Podczas sesji psychodelicznej należy stale pamiętać, że jakiekolwiek percepcje, myśli czy nawet halucynacje się pojawiają, wszystkie one są wytworami umysłu i świadomości, zostały przepuszczone przez aparat percepcyjny danej osoby. Percepcje te są uformowane z naszej własnej energii psychicznej. Udzielamy energii wszelkim myślom i uczuciom, na których pozwolimy spocząć uwadze. Gdziekolwiek skierowana jest siła uwagi, stwarza duchową i emocjonalną energię w formie jej własnych niższych pochodnych , a zatem to ona karmi je i napędza. Staje się jasne, że kluczem do panowania nad doświadczeniem psychodelicznym jest kontrolowanie strumienia uwagi. Możemy to osiągnąć za pomocą technik medytacyjnych królewskiej ścieżki jogi. Niniejszy tekst opisuje kilka takich technik, które można użyć pod wpływem LSD, marihuany, meskaliny, DMT, haszyszu, psylocybiny oraz innych poszerzających świadomość narkotyków. Rozważmy w tym miejscu podstawową regułę stosowaną w przypadku paranoi czy innego nieprzyjemnego lub przerażającego doświadczenia pod wpływem psychodelików. Zdaj sobie sprawę, że cokolwiek myślisz, czujesz i doświadczasz jest przeżywane przez twoją świadomość. W związku z tym skup uwagę na swojej świadomości, która doświadcza wszystkiego, co ci się przydarza. Przywróci to twoją świadomość do jej własnej, czystej natury, oraz uwolni ją od mentalnych i astralnych form myślowych. Te destruktywne formy rozpierzchną się i rozpłyną z powrotem do homogenicznej, wibrującej energii, z której zostały ukształtowane. Silne światło uwalniane przez świadomość obserwującą samą siebie pomaga szybko rozwiać destrukcyjne formy myśli. Tak się dzieje, gdyż silne rezonowanie czystej świadomości, które się wytwarza, anuluje dysonansowe, nieskoordynowane wibracje destrukcyjnych form myślowych.

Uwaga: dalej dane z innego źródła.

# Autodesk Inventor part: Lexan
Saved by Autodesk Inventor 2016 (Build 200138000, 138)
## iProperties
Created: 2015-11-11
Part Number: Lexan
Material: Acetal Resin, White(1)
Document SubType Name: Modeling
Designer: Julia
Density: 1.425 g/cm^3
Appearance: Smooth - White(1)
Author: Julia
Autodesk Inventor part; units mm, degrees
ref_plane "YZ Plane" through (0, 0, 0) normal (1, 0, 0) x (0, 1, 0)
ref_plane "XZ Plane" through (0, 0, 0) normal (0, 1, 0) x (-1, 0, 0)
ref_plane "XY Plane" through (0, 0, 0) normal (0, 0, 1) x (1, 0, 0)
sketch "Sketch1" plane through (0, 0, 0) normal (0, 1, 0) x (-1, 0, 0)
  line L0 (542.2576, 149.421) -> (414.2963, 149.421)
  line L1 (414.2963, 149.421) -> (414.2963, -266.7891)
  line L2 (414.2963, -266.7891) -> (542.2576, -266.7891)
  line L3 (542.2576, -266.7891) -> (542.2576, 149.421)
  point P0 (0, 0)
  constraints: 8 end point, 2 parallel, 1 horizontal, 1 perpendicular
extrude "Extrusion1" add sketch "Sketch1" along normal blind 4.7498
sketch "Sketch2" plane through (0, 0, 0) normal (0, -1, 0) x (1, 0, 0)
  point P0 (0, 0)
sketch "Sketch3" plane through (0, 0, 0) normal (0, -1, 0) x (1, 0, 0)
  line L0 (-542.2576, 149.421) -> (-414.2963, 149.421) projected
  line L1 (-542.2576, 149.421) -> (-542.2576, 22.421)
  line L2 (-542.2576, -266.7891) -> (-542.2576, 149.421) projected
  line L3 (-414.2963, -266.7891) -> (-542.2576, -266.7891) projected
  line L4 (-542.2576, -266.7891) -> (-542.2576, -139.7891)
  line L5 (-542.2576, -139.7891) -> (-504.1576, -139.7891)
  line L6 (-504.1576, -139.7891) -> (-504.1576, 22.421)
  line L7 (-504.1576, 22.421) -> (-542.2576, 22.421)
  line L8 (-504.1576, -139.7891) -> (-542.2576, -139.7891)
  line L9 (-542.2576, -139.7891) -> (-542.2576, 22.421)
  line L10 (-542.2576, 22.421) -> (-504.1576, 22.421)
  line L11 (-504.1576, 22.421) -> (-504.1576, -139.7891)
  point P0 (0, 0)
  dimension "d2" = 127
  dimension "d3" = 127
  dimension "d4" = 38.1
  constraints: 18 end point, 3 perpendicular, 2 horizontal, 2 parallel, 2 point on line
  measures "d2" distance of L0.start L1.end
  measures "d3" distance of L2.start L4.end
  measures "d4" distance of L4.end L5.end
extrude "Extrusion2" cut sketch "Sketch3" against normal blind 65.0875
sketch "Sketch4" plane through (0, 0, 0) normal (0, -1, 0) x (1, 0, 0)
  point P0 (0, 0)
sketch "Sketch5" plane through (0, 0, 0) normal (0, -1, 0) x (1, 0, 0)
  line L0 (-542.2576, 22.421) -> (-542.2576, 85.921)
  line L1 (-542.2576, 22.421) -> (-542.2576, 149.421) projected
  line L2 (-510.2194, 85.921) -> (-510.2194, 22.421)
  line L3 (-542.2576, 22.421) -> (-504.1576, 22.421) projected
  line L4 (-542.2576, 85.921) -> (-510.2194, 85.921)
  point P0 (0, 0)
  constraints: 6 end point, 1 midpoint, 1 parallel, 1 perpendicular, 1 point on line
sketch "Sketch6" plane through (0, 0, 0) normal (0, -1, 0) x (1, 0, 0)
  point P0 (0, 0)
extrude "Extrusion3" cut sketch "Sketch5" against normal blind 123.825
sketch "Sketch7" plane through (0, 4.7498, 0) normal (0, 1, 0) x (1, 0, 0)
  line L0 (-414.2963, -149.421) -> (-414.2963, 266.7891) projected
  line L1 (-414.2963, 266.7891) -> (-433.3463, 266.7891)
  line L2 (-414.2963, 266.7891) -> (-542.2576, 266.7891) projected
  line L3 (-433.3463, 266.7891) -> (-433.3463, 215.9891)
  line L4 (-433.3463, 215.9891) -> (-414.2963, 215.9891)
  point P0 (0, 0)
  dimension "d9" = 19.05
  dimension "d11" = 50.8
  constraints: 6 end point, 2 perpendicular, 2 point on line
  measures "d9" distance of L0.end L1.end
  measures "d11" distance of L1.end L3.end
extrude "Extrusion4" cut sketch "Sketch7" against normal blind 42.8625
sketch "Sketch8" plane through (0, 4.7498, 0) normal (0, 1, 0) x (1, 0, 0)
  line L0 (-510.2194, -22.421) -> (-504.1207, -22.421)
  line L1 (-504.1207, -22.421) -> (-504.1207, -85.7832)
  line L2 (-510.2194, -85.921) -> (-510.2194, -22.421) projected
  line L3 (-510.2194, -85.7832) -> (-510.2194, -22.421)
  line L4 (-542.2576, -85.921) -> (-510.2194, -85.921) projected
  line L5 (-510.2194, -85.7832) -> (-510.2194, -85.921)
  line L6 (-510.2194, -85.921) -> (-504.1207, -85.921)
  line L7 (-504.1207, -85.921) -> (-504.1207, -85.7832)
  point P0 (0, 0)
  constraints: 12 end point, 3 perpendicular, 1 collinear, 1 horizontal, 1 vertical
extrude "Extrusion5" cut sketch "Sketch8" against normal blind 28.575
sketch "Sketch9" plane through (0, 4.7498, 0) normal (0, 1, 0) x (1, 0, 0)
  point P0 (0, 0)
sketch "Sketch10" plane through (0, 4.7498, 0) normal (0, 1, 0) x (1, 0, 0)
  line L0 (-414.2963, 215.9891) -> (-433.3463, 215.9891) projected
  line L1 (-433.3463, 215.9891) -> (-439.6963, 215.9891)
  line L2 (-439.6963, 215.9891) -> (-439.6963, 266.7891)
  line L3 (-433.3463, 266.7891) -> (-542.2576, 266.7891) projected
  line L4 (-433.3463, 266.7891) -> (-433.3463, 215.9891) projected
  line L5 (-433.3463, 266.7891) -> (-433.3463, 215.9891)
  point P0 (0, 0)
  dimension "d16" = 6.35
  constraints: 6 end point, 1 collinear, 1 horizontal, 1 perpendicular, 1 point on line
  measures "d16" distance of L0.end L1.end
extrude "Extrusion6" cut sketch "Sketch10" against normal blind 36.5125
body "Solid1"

Jeżeli podczas praktykowania którejś z poniższych technik medytacyjnych uwaga wędruje, należy natychmiast ściągnąć ją z powrotem do procesu medytacji i robić to tak wiele razy, ile trzeba, aby uwaga pozostała w centrum danej formy medytacji. Niedoświadczony medytujący mają skłonność do walki z rozproszeniem, która sama w sobie staje się rozpraszająca. Uwaga może być skupiona tylko na jednej rzeczy naraz. Po prostu wróć nią do rzeczy, na której medytujesz. Innym sposobem powstrzymania rozproszeń jest chwilowe zatrzymanie oddychania na wdechu lub wydechu. Ponieważ oddychanie jest bezpośrednio związane z każdym biologicznym procesem ciała, instynkt przetrwania (wykształcony przez miliony lat ewolucji) przerwie rozproszenia strumienia uwagi i skieruje ją na świadomość wstrzymania oddechu. Łatwo wówczas wrócić do oddychania, a skupioną uwagę skierować na daną formę medytacji.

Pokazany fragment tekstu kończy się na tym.